» Your goal
Every line below containing the word "layers" should be found and copied.

» Exercise input
____

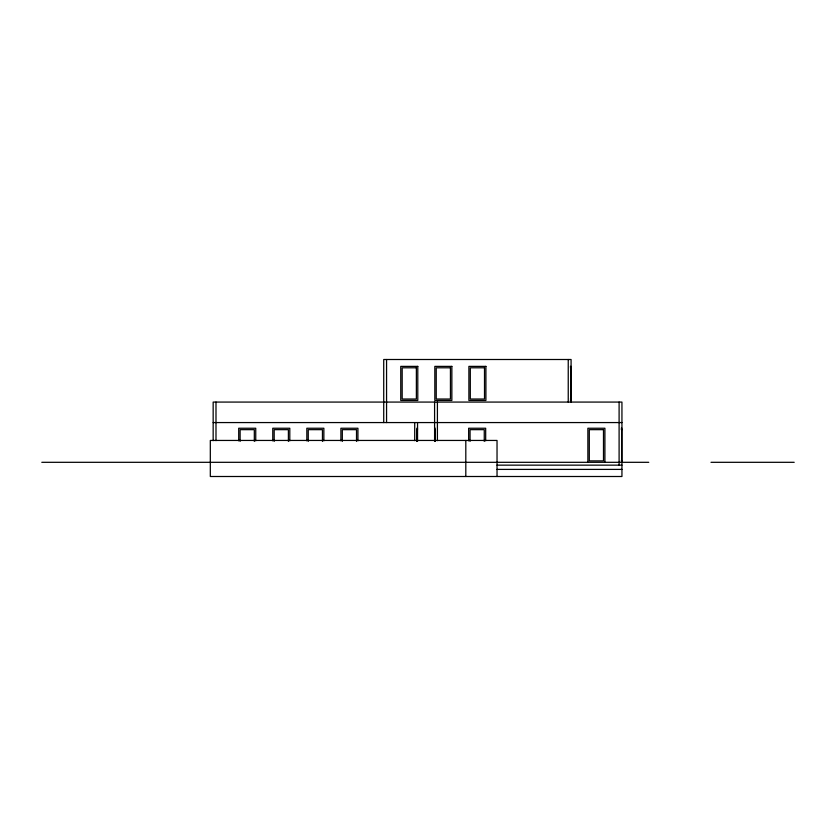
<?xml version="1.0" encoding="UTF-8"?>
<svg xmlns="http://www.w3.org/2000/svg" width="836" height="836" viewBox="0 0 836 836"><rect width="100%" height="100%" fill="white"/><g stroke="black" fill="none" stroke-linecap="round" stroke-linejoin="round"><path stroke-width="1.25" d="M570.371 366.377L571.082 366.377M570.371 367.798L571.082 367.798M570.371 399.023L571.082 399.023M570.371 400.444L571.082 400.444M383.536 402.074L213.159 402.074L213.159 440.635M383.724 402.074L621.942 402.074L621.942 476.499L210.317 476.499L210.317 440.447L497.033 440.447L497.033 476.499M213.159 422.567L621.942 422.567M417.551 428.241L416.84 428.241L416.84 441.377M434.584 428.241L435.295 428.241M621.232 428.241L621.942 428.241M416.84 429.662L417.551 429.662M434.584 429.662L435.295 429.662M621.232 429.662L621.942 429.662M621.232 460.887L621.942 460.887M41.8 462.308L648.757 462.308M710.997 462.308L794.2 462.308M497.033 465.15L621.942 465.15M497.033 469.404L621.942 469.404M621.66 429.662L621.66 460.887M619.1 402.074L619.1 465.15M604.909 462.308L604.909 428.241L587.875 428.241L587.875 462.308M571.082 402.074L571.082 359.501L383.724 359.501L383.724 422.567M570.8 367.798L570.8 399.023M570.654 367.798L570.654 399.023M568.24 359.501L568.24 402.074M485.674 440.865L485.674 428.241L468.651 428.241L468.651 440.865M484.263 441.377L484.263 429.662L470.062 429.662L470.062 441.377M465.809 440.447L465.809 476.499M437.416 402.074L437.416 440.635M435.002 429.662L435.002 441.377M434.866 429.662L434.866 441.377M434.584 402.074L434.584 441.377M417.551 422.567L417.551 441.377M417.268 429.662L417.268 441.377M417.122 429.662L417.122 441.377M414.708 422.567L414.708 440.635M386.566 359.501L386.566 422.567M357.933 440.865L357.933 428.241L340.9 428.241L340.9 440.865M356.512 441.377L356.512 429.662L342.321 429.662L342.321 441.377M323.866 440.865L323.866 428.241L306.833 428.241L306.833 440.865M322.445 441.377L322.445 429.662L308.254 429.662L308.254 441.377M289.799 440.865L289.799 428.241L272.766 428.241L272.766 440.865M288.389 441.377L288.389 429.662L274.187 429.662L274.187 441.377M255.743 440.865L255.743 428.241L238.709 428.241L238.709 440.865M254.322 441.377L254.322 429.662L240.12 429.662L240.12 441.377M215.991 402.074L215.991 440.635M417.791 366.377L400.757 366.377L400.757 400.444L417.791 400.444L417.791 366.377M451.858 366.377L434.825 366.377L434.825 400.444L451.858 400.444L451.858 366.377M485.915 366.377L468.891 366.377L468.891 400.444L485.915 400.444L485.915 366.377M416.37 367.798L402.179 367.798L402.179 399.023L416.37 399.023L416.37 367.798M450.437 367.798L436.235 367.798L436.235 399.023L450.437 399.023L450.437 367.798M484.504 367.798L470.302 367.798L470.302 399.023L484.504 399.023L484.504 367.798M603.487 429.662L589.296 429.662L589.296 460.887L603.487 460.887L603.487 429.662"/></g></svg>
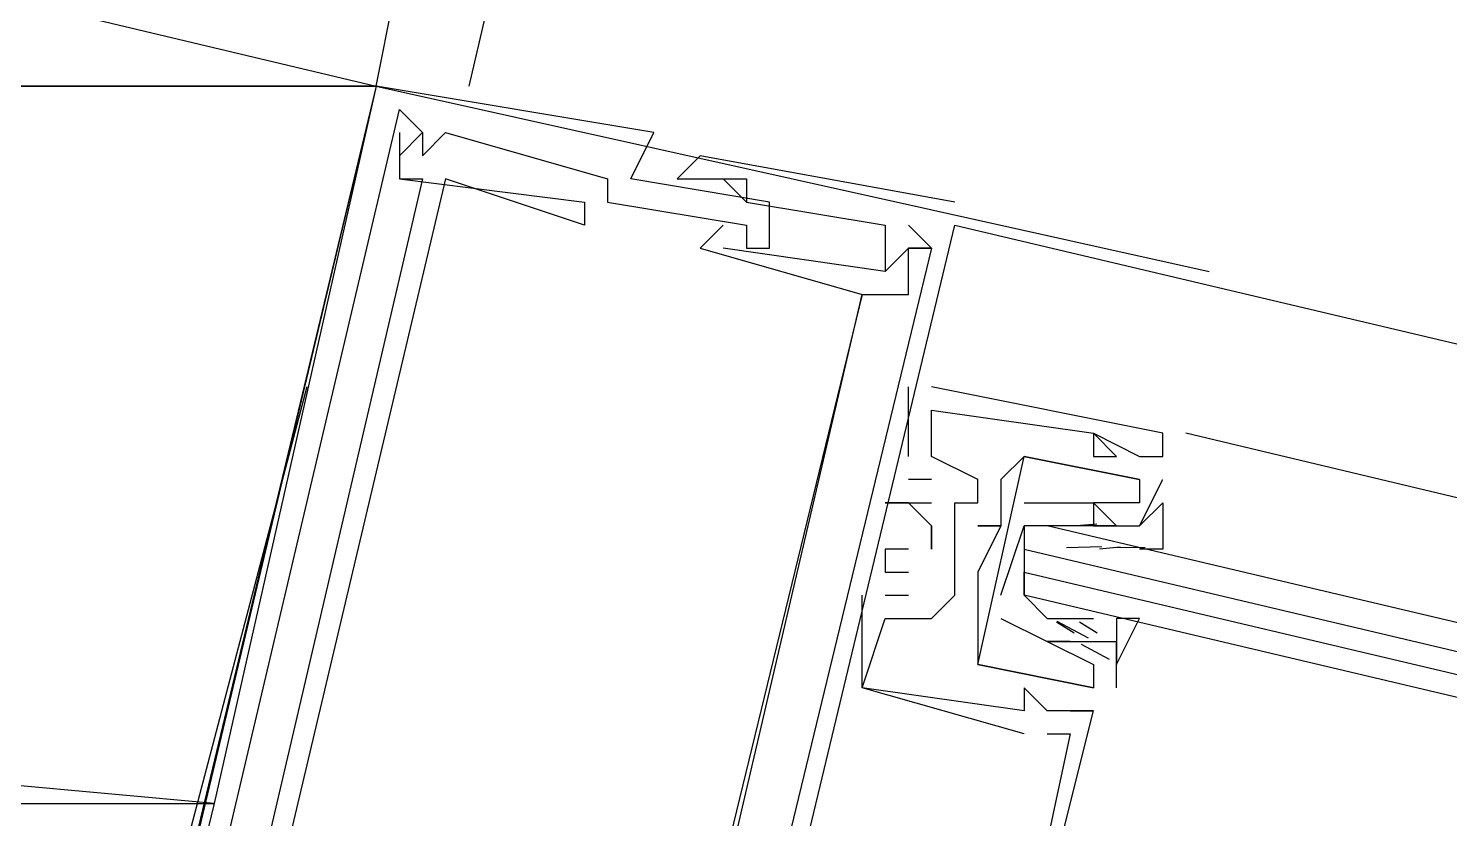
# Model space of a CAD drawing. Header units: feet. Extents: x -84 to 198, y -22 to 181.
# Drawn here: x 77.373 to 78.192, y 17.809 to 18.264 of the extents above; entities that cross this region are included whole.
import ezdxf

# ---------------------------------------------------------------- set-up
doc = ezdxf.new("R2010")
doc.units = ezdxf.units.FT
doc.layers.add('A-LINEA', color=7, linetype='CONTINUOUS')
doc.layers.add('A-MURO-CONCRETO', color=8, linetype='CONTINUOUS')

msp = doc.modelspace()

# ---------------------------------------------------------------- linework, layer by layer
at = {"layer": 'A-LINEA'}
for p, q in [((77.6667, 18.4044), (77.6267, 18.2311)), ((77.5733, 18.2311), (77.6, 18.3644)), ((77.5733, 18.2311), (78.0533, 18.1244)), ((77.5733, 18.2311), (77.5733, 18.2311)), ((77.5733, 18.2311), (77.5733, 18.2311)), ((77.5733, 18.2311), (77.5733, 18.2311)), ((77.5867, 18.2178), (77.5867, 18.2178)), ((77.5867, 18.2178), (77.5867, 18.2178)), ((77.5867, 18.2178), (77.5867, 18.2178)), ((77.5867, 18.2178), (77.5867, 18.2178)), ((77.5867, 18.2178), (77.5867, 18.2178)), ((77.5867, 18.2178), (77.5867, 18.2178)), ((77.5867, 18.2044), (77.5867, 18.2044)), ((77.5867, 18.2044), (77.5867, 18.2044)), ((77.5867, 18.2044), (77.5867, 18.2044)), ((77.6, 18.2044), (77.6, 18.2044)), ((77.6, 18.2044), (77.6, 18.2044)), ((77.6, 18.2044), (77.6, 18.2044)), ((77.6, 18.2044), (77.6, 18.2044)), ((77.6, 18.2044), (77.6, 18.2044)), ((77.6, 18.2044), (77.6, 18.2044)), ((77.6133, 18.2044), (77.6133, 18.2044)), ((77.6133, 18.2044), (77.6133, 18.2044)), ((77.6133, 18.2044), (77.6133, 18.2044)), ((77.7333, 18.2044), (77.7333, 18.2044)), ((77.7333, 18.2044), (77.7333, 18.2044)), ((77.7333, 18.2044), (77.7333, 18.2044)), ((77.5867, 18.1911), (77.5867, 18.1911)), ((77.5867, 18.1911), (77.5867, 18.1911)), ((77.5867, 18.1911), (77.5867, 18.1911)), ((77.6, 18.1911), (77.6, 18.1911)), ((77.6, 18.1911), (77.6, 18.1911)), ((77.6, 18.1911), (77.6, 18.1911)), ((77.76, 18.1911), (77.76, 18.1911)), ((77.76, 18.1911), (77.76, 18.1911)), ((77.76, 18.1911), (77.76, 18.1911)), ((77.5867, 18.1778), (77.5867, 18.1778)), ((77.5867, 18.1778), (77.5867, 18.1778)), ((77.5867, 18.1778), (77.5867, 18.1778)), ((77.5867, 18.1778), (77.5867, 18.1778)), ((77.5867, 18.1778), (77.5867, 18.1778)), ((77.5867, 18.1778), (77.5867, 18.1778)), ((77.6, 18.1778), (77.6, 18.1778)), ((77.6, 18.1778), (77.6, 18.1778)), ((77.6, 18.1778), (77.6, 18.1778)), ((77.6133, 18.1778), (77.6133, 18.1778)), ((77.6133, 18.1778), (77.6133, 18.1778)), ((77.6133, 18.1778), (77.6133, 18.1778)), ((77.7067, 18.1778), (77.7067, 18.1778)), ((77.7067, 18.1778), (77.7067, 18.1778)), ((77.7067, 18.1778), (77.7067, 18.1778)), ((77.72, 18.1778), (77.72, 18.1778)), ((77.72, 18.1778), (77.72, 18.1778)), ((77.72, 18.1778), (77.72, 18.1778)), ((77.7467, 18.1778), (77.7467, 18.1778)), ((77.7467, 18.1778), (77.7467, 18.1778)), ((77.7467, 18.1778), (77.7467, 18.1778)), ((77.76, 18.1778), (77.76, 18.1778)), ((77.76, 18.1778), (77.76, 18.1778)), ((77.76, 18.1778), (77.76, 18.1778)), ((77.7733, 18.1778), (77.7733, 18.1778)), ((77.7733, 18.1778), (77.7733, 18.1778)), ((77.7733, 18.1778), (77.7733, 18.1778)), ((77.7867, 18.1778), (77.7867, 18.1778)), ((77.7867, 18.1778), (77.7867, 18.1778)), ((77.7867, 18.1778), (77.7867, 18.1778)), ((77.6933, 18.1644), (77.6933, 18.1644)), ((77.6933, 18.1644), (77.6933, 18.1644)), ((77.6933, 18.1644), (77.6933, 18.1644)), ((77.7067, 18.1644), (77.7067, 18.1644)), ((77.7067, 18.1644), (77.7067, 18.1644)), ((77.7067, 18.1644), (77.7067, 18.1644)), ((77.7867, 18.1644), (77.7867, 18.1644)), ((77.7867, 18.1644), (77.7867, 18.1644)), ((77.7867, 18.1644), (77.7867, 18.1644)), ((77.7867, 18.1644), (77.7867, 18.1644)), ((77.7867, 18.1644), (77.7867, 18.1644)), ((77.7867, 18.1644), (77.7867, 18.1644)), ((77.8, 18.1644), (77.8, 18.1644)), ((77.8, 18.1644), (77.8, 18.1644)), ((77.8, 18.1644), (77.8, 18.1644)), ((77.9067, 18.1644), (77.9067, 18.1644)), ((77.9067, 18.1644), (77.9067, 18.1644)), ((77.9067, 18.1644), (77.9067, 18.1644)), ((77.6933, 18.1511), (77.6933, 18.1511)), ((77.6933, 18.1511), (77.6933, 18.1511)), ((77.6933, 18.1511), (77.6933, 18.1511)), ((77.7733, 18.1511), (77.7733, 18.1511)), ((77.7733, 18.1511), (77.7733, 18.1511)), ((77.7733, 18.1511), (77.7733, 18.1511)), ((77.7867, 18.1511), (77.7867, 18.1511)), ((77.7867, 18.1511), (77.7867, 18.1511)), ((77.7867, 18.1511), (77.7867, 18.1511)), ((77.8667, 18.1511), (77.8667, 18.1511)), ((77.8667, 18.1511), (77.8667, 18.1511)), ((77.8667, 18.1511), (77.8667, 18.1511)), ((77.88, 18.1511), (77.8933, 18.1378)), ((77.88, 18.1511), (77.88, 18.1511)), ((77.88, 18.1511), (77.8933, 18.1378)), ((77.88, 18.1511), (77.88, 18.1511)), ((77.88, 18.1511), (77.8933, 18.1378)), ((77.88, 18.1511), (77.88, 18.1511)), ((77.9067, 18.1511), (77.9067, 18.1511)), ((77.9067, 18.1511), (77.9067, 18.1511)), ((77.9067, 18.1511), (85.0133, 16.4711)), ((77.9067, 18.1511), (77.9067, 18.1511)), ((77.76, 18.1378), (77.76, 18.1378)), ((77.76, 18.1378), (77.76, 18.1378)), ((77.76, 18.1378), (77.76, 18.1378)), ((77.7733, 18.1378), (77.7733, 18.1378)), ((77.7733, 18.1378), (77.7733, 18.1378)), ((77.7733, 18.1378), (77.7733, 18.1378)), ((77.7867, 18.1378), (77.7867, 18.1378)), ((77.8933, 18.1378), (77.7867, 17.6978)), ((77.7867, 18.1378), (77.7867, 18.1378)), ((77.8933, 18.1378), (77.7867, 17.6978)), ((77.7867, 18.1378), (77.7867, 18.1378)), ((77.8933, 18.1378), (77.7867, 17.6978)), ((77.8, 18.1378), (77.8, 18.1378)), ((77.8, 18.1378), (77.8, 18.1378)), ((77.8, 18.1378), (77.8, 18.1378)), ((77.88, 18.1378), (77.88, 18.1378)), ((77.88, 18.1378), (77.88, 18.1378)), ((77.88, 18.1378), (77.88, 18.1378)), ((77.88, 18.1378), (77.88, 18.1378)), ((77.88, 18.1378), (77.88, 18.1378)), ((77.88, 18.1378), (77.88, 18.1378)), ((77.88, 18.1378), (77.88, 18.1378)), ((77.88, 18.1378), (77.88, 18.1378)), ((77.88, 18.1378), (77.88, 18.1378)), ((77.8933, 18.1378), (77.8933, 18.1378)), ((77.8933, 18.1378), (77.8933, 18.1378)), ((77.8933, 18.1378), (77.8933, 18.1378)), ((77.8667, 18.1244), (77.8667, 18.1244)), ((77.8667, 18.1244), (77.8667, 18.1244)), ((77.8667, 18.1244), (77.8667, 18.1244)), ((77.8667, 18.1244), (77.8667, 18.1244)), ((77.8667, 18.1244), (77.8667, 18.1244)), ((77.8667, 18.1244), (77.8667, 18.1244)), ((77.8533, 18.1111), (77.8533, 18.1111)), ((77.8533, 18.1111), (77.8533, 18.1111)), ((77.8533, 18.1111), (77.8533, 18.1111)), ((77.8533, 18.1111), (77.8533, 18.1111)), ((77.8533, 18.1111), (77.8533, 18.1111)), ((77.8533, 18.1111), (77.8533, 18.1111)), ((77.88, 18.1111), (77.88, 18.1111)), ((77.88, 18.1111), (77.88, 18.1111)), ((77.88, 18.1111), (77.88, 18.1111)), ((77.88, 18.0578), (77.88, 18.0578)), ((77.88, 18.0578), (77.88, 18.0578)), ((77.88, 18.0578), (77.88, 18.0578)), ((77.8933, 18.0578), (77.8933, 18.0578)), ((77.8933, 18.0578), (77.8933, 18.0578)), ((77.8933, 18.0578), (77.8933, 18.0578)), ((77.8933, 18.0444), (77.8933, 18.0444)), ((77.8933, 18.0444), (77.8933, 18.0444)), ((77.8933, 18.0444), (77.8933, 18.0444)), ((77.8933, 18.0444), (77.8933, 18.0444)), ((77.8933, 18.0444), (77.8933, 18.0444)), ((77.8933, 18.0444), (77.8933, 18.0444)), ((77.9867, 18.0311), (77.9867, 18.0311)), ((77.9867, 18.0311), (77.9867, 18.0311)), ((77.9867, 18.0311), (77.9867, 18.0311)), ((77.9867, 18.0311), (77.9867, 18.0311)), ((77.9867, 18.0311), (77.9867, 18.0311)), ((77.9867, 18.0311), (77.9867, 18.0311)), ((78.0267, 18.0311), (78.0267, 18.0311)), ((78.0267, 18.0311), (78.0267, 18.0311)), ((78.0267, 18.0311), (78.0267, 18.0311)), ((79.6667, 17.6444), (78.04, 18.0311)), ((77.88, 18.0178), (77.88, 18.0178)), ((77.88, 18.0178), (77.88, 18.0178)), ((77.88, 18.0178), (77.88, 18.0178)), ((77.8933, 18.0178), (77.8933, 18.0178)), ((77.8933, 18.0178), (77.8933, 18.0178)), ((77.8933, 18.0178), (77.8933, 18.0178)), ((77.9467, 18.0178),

____

» Solution for this problem
doc.layers.add('A-LINEA', color=7, linetype='CONTINUOUS')
doc.layers.add('A-MURO-CONCRETO', color=8, linetype='CONTINUOUS')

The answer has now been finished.